Thats is where the quote came from. If you look at their site you can see that they are in the business of rehabbing old theatres, every piece of gear included. They are selling labor, and to sell labor you have to have something to labor on. It is in their best interest to tell people that they can get just about the same amount of quality out of that old 6x9 as a new 36 deg. From the looks of it they are selling a great service for theatres and schools that have a decent space that has simply fallen into disrepair. Instead of contractors walking in and saying throw it all in a landfill and gut the place, these contractors walk in, say yes we can work with this, fix everything, get everything back up to code and get you back to near new. There are thousands of schools out there that could use this service and spend 5 to 10 grand then spending 150 grand to get the same thing they already had, but it just was not working to its full potential. 

Before we all jump off the deep end and say that this place is the devil and we should never do business with them, lets take a step back and really look at where that quote came from.

Edit: Actually after further reading I would hands down love to work with this company. I hope there is a service like this in the states. This is right up this forums alley. Basically they specialize in helping out school theatre dept. They are available anytime for anything you need. It looks like a pretty amazing service.


----------



## SteveB (Aug 6, 2007)

Footer4321 said:


> A properly working altman 360 (old brown things) actually puts out a pretty decent quality of light. It lacks the punch and the color temperature of a S4, but it still gets the job done. .



I can think of quite a few scenarios where this is not true, one being an LD/SM of a medium sized dance company on tour using a house rig of hundreds of 360Q's, whose color temp is so different then the S4's used in nearly every other house the event plays, that MAJOR changes in color choice and possibly in intensities must be made, as well as a whole lot of futile explaining to the artistic director as to why the show looks like crap. Not too mention "we can't use the rotators", or "I know the gobo's don't look as crisp". 

Been there, done that, no thanks.

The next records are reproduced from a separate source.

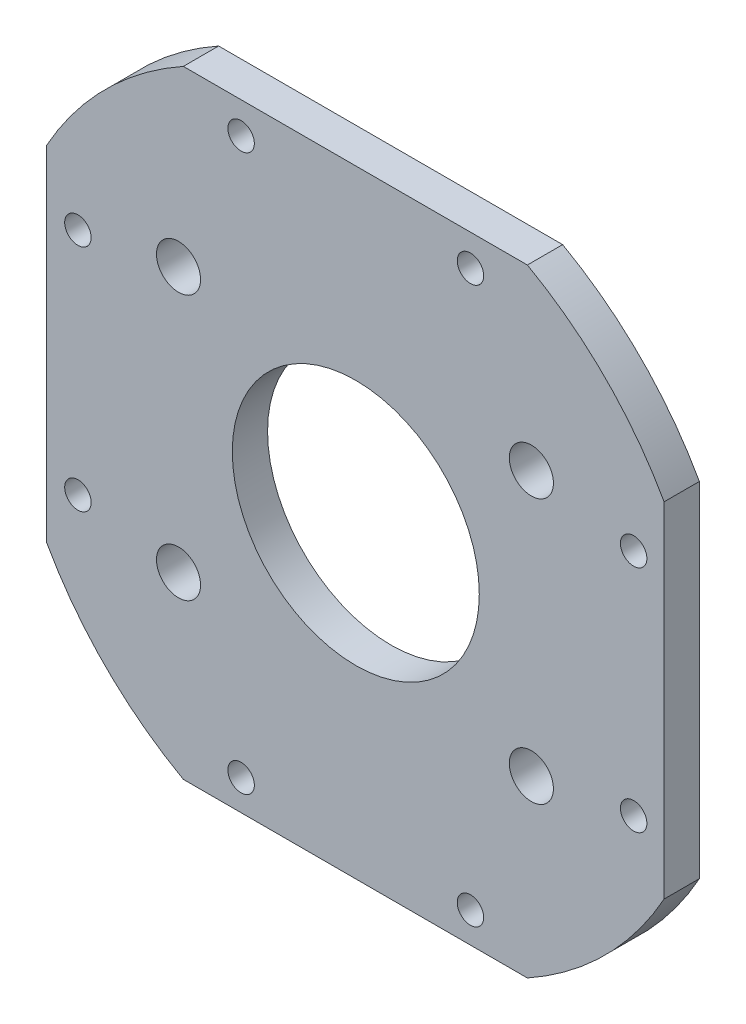
ISO-10303-21;
HEADER;
FILE_DESCRIPTION(('STEP AP214'),'2;1');
FILE_NAME('part.step','',(''),(''),'','','');
FILE_SCHEMA(('AUTOMOTIVE_DESIGN { 1 0 10303 214 1 1 1 1 }'));
ENDSEC;
DATA;
#1=APPLICATION_CONTEXT('core data for automotive mechanical design processes');
#2=APPLICATION_PROTOCOL_DEFINITION('international standard','automotive_design',2000,#1);
#3=PRODUCT_CONTEXT('',#1,'mechanical');
#4=PRODUCT('Part','Part','',(#3));
#5=PRODUCT_RELATED_PRODUCT_CATEGORY('part','',(#4));
#6=PRODUCT_DEFINITION_FORMATION('','',#4);
#7=PRODUCT_DEFINITION_CONTEXT('part definition',#1,'design');
#8=PRODUCT_DEFINITION('design','',#6,#7);
#9=PRODUCT_DEFINITION_SHAPE('','',#8);
#10=(LENGTH_UNIT() NAMED_UNIT(*) SI_UNIT(.MILLI.,.METRE.));
#11=(NAMED_UNIT(*) PLANE_ANGLE_UNIT() SI_UNIT($,.RADIAN.));
#12=(NAMED_UNIT(*) SI_UNIT($,.STERADIAN.) SOLID_ANGLE_UNIT());
#13=UNCERTAINTY_MEASURE_WITH_UNIT(LENGTH_MEASURE(1.E-05),#10,'distance_accuracy_value','');
#14=(GEOMETRIC_REPRESENTATION_CONTEXT(3) GLOBAL_UNCERTAINTY_ASSIGNED_CONTEXT((#13)) GLOBAL_UNIT_ASSIGNED_CONTEXT((#10,
#11,#12)) REPRESENTATION_CONTEXT('',''));
#15=CARTESIAN_POINT('',(0.,0.,0.));
#16=DIRECTION('',(0.,0.,1.));
#17=DIRECTION('',(1.,0.,0.));
#18=AXIS2_PLACEMENT_3D('',#15,#16,#17);
#19=CARTESIAN_POINT('',(-0.048207779633349,0.0482077796333386,4.));
#20=DIRECTION('',(0.,0.,1.));
#21=DIRECTION('',(1.,0.,0.));
#22=AXIS2_PLACEMENT_3D('',#19,#20,#21);
#23=PLANE('',#22);
#24=CARTESIAN_POINT('',(-31.4517922203667,12.9517922203667,4.));
#25=DIRECTION('',(0.,0.,1.));
#26=DIRECTION('',(1.,0.,0.));
#27=AXIS2_PLACEMENT_3D('',#24,#25,#26);
#28=CIRCLE('',#27,1.5);
#29=CARTESIAN_POINT('',(-29.9517922203667,12.9517922203667,4.));
#30=VERTEX_POINT('',#29);
#31=EDGE_CURVE('E245',#30,#30,#28,.T.);
#32=ORIENTED_EDGE('',*,*,#31,.F.);
#33=EDGE_LOOP('',(#32));
#34=FACE_BOUND('',#33,.T.);
#35=CARTESIAN_POINT('',(-12.9517922203666,-31.5482077796333,4.));
#36=DIRECTION('',(0.,0.,1.));
#37=DIRECTION('',(1.,0.,0.));
#38=AXIS2_PLACEMENT_3D('',#35,#36,#37);
#39=CIRCLE('',#38,1.5);
#40=CARTESIAN_POINT('',(-11.4517922203666,-31.5482077796333,4.));
#41=VERTEX_POINT('',#40);
#42=EDGE_CURVE('E233',#41,#41,#39,.T.);
#43=ORIENTED_EDGE('',*,*,#42,.F.);
#44=EDGE_LOOP('',(#43));
#45=FACE_BOUND('',#44,.T.);
#46=CARTESIAN_POINT('',(31.5482077796333,-13.0482077796333,4.));
#47=DIRECTION('',(0.,0.,1.));
#48=DIRECTION('',(1.,0.,0.));
#49=AXIS2_PLACEMENT_3D('',#46,#47,#48);
#50=CIRCLE('',#49,1.5);
#51=CARTESIAN_POINT('',(33.0482077796333,-13.0482077796333,4.));
#52=VERTEX_POINT('',#51);
#53=EDGE_CURVE('E221',#52,#52,#50,.T.);
#54=ORIENTED_EDGE('',*,*,#53,.F.);
#55=EDGE_LOOP('',(#54));
#56=FACE_BOUND('',#55,.T.);
#57=CARTESIAN_POINT('',(13.0482077796334,31.4517922203667,4.));
#58=DIRECTION('',(0.,0.,1.));
#59=DIRECTION('',(1.,0.,0.));
#60=AXIS2_PLACEMENT_3D('',#57,#58,#59);
#61=CIRCLE('',#60,1.5);
#62=CARTESIAN_POINT('',(14.5482077796334,31.4517922203667,4.));
#63=VERTEX_POINT('',#62);
#64=EDGE_CURVE('E209',#63,#63,#61,.T.);
#65=ORIENTED_EDGE('',*,*,#64,.F.);
#66=EDGE_LOOP('',(#65));
#67=FACE_BOUND('',#66,.T.);
#68=CARTESIAN_POINT('',(-20.0482077796334,15.0482077796333,4.));
#69=DIRECTION('',(0.,0.,1.));
#70=DIRECTION('',(1.,0.,0.));
#71=AXIS2_PLACEMENT_3D('',#68,#69,#70);
#72=CIRCLE('',#71,2.5);
#73=CARTESIAN_POINT('',(-17.5482077796334,15.0482077796333,4.));
#74=VERTEX_POINT('',#73);
#75=EDGE_CURVE('E197',#74,#74,#72,.T.);
#76=ORIENTED_EDGE('',*,*,#75,.F.);
#77=EDGE_LOOP('',(#76));
#78=FACE_BOUND('',#77,.T.);
#79=CARTESIAN_POINT('',(-20.0482077796334,-14.9517922203667,4.));
#80=DIRECTION('',(0.,0.,1.));
#81=DIRECTION('',(1.,0.,0.));
#82=AXIS2_PLACEMENT_3D('',#79,#80,#81);
#83=CIRCLE('',#82,2.5);
#84=CARTESIAN_POINT('',(-17.5482077796334,-14.9517922203667,4.));
#85=VERTEX_POINT('',#84);
#86=EDGE_CURVE('E185',#85,#85,#83,.T.);
#87=ORIENTED_EDGE('',*,*,#86,.F.);
#88=EDGE_LOOP('',(#87));
#89=FACE_BOUND('',#88,.T.);
#90=CARTESIAN_POINT('',(-0.048207779633349,0.0482077796333386,4.));
#91=DIRECTION('',(0.,0.,1.));
#92=DIRECTION('',(1.,0.,0.));
#93=AXIS2_PLACEMENT_3D('',#90,#91,#92);
#94=CIRCLE('',#93,40.);
#95=CARTESIAN_POINT('',(-19.5,35.,4.));
#96=VERTEX_POINT('',#95);
#97=CARTESIAN_POINT('',(-35.,19.5,4.));
#98=VERTEX_POINT('',#97);
#99=EDGE_CURVE('E148',#96,#98,#94,.T.);
#100=ORIENTED_EDGE('',*,*,#99,.T.);
#101=DIRECTION('',(0.,-1.,0.));
#102=VECTOR('',#101,1.);
#103=CARTESIAN_POINT('',(-35.,-19.5,4.));
#104=LINE('',#103,#102);
#105=CARTESIAN_POINT('',(-35.,-19.5,4.));
#106=VERTEX_POINT('',#105);
#107=EDGE_CURVE('E96',#98,#106,#104,.T.);
#108=ORIENTED_EDGE('',*,*,#107,.T.);
#109=CARTESIAN_POINT('',(-0.0482077796333524,-0.0482077796333247,4.));
#110=DIRECTION('',(0.,0.,1.));
#111=DIRECTION('',(1.,0.,0.));
#112=AXIS2_PLACEMENT_3D('',#109,#110,#111);
#113=CIRCLE('',#112,40.);
#114=CARTESIAN_POINT('',(-19.5,-35.,4.));
#115=VERTEX_POINT('',#114);
#116=EDGE_CURVE('E163',#106,#115,#113,.T.);
#117=ORIENTED_EDGE('',*,*,#116,.T.);
#118=DIRECTION('',(1.,0.,0.));
#119=VECTOR('',#118,1.);
#120=CARTESIAN_POINT('',(19.5,-35.,4.));
#121=LINE('',#120,#119);
#122=CARTESIAN_POINT('',(19.5,-35.,4.));
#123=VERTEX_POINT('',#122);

I'll take the new gear any day.

FWIW, the OP was quoted as "10 year old lights", which might very well simply be the first gen. S4's !.

On a similar topic, I was explaining color filters and choices to 2 of our newbie stagehands today, one of whom asked me how come I don't use GAM Color or Apollo color that much. I proceed to explain how my eye and brain can readily visualize what Roscolux and Lee filters look like when used in a lighting fixture, as opposed to viewed in the swatch book, but that I have trouble with the Apollo and GAM, due to the "newness: of the filter line. 

Similarly, how the designer Tharon Musser (Chorus Line, Little Night Music, Dreamgirls, Ballroom, 42st., etc...) essentially made the choice to retire from the industry when she realized (among other issues) that she could no longer visualize the color using the newer S4's and the like, having had a difficult time enough with the transition to quartz lamps from pure incandescents. 

SB


----------



## Footer (Aug 6, 2007)

SteveB said:


> I can think of quite a few scenarios where this is not true, one being an LD/SM of a medium sized dance company on tour using a house rig of hundreds of 360Q's, whose color temp is so different then the S4's used in nearly every other house the event plays, that MAJOR changes in color choice and possibly in intensities must be made, as well as a whole lot of futile explaining to the artistic director as to why the show looks like crap. Not too mention "we can't use the rotators", or "I know the gobo's don't look as crisp".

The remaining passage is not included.